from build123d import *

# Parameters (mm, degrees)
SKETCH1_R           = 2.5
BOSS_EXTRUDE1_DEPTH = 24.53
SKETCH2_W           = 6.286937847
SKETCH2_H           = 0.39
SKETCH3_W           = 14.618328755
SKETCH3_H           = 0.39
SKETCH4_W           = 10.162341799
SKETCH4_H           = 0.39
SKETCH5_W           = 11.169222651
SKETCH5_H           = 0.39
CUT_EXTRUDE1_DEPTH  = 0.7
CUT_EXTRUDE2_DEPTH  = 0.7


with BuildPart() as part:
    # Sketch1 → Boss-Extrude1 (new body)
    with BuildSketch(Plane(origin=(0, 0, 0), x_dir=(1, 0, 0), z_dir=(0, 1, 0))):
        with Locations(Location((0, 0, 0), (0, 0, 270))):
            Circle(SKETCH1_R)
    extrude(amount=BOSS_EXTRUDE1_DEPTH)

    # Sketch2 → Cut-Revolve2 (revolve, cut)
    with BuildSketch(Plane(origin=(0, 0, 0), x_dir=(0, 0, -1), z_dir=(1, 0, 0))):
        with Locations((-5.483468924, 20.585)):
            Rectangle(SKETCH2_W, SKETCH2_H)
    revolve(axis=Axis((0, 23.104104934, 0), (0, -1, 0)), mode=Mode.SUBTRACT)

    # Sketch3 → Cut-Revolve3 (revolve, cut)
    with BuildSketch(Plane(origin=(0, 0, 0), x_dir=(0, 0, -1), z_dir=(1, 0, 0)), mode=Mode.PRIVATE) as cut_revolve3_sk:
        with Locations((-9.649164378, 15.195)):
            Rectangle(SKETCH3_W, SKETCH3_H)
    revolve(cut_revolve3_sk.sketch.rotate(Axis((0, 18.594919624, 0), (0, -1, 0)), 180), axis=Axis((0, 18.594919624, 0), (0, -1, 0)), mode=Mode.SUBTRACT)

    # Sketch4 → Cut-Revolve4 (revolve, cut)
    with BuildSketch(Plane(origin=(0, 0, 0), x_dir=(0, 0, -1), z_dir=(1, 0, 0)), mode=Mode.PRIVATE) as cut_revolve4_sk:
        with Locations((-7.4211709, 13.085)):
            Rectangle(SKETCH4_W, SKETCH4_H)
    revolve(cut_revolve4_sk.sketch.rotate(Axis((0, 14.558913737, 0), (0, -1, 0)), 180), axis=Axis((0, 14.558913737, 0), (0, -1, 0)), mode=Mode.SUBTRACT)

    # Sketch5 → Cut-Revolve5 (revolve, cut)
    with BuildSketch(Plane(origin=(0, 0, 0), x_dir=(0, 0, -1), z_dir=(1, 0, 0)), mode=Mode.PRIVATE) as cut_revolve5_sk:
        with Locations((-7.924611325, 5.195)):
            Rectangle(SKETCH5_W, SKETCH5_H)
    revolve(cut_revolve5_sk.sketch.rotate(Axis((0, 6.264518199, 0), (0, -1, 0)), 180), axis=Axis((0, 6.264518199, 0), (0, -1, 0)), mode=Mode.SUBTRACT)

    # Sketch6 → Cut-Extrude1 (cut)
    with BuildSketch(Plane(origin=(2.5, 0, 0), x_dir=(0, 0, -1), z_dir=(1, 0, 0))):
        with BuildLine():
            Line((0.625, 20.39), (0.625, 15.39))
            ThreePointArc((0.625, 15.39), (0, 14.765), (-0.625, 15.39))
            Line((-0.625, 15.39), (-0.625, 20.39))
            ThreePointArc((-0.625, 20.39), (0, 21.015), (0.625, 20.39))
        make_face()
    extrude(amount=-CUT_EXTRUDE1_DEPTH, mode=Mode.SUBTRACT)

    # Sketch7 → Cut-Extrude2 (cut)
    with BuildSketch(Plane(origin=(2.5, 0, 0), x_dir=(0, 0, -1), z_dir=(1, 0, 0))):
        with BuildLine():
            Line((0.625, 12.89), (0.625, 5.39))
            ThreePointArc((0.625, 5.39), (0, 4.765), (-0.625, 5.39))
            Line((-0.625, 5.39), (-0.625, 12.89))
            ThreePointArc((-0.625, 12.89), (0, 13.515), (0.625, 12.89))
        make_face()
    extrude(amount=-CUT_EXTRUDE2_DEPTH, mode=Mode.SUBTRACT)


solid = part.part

────────────────

* Work task *
I'd like every record written out exactly as given.

* Answer to the exercise *
from build123d import *

# Parameters (mm, degrees)
SKETCH1_R           = 2.5
BOSS_EXTRUDE1_DEPTH = 24.53
SKETCH2_W           = 6.286937847
SKETCH2_H           = 0.39
SKETCH3_W           = 14.618328755
SKETCH3_H           = 0.39
SKETCH4_W           = 10.162341799
SKETCH4_H           = 0.39
SKETCH5_W           = 11.169222651
SKETCH5_H           = 0.39
CUT_EXTRUDE1_DEPTH  = 0.7
CUT_EXTRUDE2_DEPTH  = 0.7


with BuildPart() as part:
    # Sketch1 → Boss-Extrude1 (new body)
    with BuildSketch(Plane(origin=(0, 0, 0), x_dir=(1, 0, 0), z_dir=(0, 1, 0))):
        with Locations(Location((0, 0, 0), (0, 0, 270))):
            Circle(SKETCH1_R)
    extrude(amount=BOSS_EXTRUDE1_DEPTH)

    # Sketch2 → Cut-Revolve2 (revolve, cut)
    with BuildSketch(Plane(origin=(0, 0, 0), x_dir=(0, 0, -1), z_dir=(1, 0, 0))):
        with Locations((-5.483468924, 20.585)):
            Rectangle(SKETCH2_W, SKETCH2_H)
    revolve(axis=Axis((0, 23.104104934, 0), (0, -1, 0)), mode=Mode.SUBTRACT)

    # Sketch3 → Cut-Revolve3 (revolve, cut)
    with BuildSketch(Plane(origin=(0, 0, 0), x_dir=(0, 0, -1), z_dir=(1, 0, 0)), mode=Mode.PRIVATE) as cut_revolve3_sk:
        with Locations((-9.649164378, 15.195)):
            Rectangle(SKETCH3_W, SKETCH3_H)
    revolve(cut_revolve3_sk.sketch.rotate(Axis((0, 18.594919624, 0), (0, -1, 0)), 180), axis=Axis((0, 18.594919624, 0), (0, -1, 0)), mode=Mode.SUBTRACT)

    # Sketch4 → Cut-Revolve4 (revolve, cut)
    with BuildSketch(Plane(origin=(0, 0, 0), x_dir=(0, 0, -1), z_dir=(1, 0, 0)), mode=Mode.PRIVATE) as cut_revolve4_sk:
        with Locations((-7.4211709, 13.085)):
            Rectangle(SKETCH4_W, SKETCH4_H)
    revolve(cut_revolve4_sk.sketch.rotate(Axis((0, 14.558913737, 0), (0, -1, 0)), 180), axis=Axis((0, 14.558913737, 0), (0, -1, 0)), mode=Mode.SUBTRACT)

    # Sketch5 → Cut-Revolve5 (revolve, cut)
    with BuildSketch(Plane(origin=(0, 0, 0), x_dir=(0, 0, -1), z_dir=(1, 0, 0)), mode=Mode.PRIVATE) as cut_revolve5_sk:
        with Locations((-7.924611325, 5.195)):
            Rectangle(SKETCH5_W, SKETCH5_H)
    revolve(cut_revolve5_sk.sketch.rotate(Axis((0, 6.264518199, 0), (0, -1, 0)), 180), axis=Axis((0, 6.264518199, 0), (0, -1, 0)), mode=Mode.SUBTRACT)

    # Sketch6 → Cut-Extrude1 (cut)
    with BuildSketch(Plane(origin=(2.5, 0, 0), x_dir=(0, 0, -1), z_dir=(1, 0, 0))):
        with BuildLine():
            Line((0.625, 20.39), (0.625, 15.39))
            ThreePointArc((0.625, 15.39), (0, 14.765), (-0.625, 15.39))
            Line((-0.625, 15.39), (-0.625, 20.39))
            ThreePointArc((-0.625, 20.39), (0, 21.015), (0.625, 20.39))
        make_face()
    extrude(amount=-CUT_EXTRUDE1_DEPTH, mode=Mode.SUBTRACT)

    # Sketch7 → Cut-Extrude2 (cut)
    with BuildSketch(Plane(origin=(2.5, 0, 0), x_dir=(0, 0, -1), z_dir=(1, 0, 0))):
        with BuildLine():
            Line((0.625, 12.89), (0.625, 5.39))
            ThreePointArc((0.625, 5.39), (0, 4.765), (-0.625, 5.39))
            Line((-0.625, 5.39), (-0.625, 12.89))
            ThreePointArc((-0.625, 12.89), (0, 13.515), (0.625, 12.89))
        make_face()
    extrude(amount=-CUT_EXTRUDE2_DEPTH, mode=Mode.SUBTRACT)


solid = part.part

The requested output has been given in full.